Exercise objective:
The listing below contains a span that opens with the line containing "[picture b1s1: schematic" and closes with the line containing "[picture b1s2: schematic". Return that span exactly.

*** Opening of Data shown ***

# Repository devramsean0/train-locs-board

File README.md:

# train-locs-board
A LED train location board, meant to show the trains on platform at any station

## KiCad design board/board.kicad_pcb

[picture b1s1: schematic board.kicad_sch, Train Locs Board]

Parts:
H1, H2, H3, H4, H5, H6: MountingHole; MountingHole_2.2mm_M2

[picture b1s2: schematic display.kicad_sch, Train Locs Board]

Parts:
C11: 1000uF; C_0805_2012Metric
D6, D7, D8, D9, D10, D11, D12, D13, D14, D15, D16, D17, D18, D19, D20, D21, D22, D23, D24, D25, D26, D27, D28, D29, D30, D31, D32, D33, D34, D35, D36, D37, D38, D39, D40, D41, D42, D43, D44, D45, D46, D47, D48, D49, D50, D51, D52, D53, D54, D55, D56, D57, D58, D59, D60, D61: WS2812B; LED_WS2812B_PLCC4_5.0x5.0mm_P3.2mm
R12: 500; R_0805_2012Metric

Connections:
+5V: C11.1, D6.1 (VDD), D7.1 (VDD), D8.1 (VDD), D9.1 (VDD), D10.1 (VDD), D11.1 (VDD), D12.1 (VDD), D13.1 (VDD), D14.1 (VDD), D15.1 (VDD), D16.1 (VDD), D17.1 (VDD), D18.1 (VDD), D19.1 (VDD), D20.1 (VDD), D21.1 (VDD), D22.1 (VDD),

*** Close of Data shown ***

Output for this exercise:
[picture b1s1: schematic board.kicad_sch, Train Locs Board]

Parts:
H1, H2, H3, H4, H5, H6: MountingHole; MountingHole_2.2mm_M2

[picture b1s2: schematic display.kicad_sch, Train Locs Board]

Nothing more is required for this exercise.